If we were to discount the value of every theologian whose life was in some way scandalous our library shelves would be much less burdened down. And perhaps our theological thinking poorer. And I didn’t even mention all the German theologians and biblical scholars who supported National Socialism!
Having said all that, I have to add this. If those German theologians allowed their pro-Nazi sympathies to infect their writings we would all, I suspect, decline to use them in our courses. So, to the extent that a theologian allowed his infidelities, racial prejudices, wrong political views, to affect his scholarship, I believe we must inevitably either 1) discard his scholarship, or 2) use it but highlight those areas where the scandalous parts of his life affected it.
However, to the extent that the theologian’s scandalous actions did not affect his theology (or biblical scholarship) I see no reason to make much of them. They should probably be mentioned in a biography but there’s no need to reject his whole theology because of them. When I read Tillich, for example, I try to bracket out what I (think) I know about his sex life and garner whatever value I can from them.
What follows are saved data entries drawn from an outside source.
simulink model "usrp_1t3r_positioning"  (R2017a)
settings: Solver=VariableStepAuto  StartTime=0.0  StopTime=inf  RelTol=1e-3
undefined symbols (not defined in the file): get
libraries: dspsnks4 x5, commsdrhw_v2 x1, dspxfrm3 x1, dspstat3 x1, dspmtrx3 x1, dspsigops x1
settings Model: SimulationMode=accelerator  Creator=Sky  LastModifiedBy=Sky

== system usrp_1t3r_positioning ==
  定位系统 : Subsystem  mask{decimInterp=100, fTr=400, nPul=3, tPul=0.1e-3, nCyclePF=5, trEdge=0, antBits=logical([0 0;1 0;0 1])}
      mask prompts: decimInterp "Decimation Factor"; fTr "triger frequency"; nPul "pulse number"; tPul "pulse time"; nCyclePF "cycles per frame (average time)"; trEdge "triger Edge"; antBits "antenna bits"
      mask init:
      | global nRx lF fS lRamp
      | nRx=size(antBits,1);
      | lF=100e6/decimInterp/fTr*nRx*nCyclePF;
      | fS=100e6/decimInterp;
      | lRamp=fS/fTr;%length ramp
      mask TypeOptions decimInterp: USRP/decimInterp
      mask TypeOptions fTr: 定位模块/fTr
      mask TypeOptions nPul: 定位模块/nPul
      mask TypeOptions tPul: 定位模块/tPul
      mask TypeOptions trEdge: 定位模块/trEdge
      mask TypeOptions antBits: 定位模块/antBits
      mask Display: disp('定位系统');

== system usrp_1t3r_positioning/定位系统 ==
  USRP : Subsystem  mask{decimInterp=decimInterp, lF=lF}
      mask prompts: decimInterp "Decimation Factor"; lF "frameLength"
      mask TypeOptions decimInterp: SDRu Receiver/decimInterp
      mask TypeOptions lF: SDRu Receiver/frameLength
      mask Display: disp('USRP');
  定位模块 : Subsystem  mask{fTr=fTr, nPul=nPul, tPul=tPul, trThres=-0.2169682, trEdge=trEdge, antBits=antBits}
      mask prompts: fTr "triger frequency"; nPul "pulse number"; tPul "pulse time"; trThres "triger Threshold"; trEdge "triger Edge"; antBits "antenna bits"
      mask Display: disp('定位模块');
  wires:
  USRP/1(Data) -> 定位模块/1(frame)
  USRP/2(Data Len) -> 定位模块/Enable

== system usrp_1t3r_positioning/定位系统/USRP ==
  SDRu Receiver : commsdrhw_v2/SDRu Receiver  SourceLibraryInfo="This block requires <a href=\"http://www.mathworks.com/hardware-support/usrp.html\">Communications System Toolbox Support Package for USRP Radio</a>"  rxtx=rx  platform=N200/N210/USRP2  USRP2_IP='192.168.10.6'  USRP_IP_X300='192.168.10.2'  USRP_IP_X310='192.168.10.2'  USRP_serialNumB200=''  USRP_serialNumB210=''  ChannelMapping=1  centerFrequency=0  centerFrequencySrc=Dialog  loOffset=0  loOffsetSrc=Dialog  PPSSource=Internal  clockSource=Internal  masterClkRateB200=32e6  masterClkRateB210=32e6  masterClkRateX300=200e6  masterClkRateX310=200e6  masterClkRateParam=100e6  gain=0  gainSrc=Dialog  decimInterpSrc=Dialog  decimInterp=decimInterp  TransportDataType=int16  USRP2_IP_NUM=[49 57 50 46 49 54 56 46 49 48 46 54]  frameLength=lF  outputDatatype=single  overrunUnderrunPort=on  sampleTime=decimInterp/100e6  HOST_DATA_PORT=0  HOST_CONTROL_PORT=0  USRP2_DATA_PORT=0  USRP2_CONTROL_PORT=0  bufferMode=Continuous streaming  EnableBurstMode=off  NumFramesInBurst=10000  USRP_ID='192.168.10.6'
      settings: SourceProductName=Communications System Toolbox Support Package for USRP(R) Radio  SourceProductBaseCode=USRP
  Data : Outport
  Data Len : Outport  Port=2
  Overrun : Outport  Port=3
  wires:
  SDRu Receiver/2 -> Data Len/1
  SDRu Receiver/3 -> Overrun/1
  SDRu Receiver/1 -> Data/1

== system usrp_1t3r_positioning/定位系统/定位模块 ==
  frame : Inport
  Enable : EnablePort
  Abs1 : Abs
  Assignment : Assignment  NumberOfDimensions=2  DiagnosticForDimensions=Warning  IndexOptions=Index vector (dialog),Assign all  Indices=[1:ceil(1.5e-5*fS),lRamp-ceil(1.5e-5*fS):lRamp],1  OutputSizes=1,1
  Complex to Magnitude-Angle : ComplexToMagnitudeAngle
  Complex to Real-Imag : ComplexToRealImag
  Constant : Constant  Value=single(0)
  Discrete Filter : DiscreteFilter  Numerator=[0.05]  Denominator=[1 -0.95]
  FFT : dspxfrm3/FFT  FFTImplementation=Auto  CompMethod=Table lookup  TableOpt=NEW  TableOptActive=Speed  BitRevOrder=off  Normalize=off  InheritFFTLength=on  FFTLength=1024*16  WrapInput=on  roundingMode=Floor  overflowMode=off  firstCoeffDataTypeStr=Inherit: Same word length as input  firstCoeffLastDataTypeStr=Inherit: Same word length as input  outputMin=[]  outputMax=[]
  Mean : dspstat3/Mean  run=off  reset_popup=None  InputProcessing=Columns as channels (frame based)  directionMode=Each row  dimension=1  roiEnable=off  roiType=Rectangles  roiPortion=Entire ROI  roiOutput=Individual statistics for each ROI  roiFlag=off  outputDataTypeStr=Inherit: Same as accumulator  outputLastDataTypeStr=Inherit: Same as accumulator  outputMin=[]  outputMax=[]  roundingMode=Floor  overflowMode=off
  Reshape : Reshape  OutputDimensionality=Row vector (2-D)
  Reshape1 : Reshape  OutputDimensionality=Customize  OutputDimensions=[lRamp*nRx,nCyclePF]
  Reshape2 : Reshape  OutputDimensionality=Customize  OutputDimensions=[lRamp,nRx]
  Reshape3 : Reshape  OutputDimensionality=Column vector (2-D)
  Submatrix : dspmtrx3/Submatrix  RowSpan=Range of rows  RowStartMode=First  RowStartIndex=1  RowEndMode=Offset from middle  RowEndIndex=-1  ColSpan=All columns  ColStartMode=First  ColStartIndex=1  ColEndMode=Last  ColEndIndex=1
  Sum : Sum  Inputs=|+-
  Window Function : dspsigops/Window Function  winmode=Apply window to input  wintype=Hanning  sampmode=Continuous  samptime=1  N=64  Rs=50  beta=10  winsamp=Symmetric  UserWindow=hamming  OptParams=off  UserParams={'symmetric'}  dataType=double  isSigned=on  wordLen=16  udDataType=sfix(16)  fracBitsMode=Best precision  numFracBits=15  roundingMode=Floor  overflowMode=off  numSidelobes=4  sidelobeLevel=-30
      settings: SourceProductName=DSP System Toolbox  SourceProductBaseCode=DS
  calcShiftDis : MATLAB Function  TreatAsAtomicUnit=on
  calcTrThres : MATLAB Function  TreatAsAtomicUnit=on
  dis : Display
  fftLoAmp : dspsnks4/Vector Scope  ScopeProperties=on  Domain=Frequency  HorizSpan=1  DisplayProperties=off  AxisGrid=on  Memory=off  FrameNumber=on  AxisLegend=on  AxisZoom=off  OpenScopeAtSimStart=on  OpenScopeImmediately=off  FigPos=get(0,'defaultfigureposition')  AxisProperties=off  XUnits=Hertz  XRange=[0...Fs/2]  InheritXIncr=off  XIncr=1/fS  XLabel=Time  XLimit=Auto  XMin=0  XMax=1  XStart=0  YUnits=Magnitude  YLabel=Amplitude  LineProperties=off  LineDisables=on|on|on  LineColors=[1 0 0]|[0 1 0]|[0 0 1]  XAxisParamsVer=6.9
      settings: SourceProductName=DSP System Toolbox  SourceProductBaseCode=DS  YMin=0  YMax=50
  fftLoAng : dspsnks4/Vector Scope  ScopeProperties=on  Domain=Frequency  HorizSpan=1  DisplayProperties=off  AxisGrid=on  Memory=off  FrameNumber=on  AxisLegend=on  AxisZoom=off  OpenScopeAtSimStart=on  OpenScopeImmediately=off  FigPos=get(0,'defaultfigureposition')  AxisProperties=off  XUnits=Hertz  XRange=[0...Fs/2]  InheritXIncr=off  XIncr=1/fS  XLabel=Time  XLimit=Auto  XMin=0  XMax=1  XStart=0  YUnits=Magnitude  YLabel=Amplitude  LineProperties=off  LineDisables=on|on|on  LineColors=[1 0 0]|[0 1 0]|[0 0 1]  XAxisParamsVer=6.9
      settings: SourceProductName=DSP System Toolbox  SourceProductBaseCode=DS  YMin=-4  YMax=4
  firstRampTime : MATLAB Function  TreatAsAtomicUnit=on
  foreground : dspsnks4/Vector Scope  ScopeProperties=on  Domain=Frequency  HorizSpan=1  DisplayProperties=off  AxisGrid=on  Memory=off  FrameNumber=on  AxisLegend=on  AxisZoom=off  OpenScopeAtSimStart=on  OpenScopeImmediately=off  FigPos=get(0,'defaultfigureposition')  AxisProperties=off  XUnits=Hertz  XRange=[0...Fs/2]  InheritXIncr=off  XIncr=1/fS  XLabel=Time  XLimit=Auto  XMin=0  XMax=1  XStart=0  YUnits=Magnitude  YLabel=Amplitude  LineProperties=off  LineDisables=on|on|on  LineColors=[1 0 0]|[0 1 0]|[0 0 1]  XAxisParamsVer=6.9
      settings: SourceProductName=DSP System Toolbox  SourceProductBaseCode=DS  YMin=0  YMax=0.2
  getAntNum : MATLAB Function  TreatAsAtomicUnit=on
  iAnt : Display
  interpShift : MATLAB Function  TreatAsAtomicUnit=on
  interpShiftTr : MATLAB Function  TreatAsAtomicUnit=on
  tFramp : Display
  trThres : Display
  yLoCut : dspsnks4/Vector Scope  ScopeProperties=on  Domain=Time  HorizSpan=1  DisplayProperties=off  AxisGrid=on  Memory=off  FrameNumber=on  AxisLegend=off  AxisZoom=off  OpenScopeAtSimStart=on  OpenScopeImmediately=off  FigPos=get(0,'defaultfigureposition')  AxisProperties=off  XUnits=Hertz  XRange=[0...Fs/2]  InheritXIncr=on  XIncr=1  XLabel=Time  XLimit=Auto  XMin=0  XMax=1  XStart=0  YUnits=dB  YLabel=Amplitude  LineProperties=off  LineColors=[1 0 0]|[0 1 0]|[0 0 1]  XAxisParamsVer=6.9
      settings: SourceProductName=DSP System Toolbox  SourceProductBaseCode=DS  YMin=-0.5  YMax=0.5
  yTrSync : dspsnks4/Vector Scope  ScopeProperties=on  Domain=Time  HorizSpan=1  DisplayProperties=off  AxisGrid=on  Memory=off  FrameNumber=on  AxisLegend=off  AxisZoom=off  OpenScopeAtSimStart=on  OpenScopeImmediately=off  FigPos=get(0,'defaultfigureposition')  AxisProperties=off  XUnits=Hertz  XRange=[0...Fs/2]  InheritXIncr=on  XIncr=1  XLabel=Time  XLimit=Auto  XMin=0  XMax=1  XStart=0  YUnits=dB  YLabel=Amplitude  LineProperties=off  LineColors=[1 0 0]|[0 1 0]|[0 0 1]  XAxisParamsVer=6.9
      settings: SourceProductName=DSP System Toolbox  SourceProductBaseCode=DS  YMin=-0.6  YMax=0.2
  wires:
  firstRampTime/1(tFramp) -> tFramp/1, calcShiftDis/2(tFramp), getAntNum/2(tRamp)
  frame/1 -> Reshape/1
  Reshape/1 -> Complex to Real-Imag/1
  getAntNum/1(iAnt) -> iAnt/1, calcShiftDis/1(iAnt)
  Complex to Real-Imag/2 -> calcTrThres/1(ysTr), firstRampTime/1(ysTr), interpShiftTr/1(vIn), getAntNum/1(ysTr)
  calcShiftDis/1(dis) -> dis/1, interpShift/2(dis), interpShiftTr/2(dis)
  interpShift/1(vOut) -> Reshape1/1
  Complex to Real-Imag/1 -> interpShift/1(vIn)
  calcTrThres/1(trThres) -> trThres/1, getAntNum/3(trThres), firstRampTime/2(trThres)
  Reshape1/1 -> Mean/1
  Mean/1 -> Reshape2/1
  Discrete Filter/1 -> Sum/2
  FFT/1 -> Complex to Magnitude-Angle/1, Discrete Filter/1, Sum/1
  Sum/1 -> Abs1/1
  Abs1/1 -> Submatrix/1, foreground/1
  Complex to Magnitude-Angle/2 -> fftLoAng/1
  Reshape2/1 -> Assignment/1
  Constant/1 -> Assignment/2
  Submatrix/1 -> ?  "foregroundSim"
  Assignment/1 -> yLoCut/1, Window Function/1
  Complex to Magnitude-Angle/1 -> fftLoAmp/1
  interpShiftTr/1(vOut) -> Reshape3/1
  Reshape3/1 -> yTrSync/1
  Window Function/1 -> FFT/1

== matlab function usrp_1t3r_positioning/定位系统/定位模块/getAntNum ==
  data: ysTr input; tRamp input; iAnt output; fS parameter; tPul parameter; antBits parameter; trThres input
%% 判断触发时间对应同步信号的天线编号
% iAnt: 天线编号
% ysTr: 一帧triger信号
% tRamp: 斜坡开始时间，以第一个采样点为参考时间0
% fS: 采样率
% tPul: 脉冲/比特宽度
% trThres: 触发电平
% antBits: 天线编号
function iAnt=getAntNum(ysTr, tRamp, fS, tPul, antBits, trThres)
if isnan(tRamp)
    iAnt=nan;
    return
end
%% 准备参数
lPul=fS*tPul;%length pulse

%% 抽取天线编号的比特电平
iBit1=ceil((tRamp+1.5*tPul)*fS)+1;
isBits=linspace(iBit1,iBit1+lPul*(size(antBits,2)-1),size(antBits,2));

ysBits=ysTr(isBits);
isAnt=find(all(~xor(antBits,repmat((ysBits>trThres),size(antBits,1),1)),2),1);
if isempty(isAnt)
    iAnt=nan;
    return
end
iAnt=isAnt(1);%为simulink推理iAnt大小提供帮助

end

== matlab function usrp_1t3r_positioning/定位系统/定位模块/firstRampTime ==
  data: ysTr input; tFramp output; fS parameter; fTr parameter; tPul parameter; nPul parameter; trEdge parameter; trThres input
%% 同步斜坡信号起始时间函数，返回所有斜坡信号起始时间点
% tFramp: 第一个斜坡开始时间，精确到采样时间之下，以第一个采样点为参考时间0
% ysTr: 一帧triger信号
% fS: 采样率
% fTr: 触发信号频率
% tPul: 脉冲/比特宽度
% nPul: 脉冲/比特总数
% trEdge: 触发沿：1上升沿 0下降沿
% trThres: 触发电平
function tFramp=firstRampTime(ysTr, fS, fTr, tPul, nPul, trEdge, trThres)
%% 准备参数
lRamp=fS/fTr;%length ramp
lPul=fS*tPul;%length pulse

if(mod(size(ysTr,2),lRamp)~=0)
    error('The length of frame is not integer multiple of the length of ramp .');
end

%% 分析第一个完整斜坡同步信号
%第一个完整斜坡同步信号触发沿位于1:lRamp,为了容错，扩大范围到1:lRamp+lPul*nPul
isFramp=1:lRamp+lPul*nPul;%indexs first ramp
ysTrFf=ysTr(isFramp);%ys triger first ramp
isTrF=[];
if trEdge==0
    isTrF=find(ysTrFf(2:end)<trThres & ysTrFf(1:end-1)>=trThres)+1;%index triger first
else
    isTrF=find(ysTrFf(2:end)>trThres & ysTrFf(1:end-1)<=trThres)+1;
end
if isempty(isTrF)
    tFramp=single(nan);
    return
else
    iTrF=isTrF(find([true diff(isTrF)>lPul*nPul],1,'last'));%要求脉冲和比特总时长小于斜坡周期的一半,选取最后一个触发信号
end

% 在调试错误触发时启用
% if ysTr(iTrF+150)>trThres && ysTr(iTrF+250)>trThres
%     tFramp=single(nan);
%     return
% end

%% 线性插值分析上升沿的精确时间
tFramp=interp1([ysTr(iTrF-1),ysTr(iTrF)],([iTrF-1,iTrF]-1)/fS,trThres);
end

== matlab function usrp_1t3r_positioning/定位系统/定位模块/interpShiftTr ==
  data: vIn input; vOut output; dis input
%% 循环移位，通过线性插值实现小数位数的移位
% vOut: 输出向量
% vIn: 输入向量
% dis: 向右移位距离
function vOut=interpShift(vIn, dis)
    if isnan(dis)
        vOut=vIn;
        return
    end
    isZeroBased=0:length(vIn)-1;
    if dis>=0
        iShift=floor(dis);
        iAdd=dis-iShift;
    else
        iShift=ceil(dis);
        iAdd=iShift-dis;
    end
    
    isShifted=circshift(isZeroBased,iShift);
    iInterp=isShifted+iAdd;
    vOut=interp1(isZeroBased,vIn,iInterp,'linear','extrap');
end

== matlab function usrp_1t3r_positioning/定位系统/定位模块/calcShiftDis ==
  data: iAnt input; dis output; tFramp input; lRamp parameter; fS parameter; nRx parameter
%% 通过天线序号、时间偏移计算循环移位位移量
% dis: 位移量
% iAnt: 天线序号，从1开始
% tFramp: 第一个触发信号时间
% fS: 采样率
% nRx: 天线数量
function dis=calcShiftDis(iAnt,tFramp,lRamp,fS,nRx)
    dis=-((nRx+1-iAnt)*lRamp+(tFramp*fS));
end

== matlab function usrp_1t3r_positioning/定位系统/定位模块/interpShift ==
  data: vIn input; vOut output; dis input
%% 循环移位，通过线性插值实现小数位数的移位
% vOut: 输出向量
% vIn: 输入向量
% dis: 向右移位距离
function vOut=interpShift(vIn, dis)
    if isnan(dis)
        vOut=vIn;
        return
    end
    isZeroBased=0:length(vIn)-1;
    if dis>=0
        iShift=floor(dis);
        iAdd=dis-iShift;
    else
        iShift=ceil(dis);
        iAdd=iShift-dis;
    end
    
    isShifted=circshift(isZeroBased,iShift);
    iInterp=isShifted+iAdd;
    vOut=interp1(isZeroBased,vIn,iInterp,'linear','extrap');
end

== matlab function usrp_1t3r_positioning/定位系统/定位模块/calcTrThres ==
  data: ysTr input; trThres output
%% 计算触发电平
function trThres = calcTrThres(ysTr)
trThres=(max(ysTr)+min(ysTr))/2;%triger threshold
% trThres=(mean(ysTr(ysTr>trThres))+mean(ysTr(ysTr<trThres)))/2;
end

For example, his expositions of “heteronomy,” “autonomy” and “theonomy” I find very valuable. Likewise his explorations of the tensions in human existence are brilliant. When I get to his doctrine of salvation as “accepting that you are accepted” I sometimes wonder if he was motivated to avoid the subject of guilt. But I still find what he said interesting even if I disagree and suspect somewhere in the deep recesses of his mind and heart he tended to reduce sin to tragedy for personal reasons. But I don’t like psychologizing theologians’ ideas. For that reason I have never read Young Man Luther. I don’t want Erik Erickson’s speculations about Luther’s relationship with his father to infect my interpretation of his theology.
According to Ralph Abernathy, a close friend of Martin Luther King’s and another leader in the civil rights movement, King had extra-marital affairs during his marriage. I have no idea if that is true, but if anyone would know (other than the women) it would be Abernathy. I would like to think, though, that it’s not true. But even if I were to become convinced of it, it would not affect how I regard the truth and power of King’s ideas and his movement and legacy.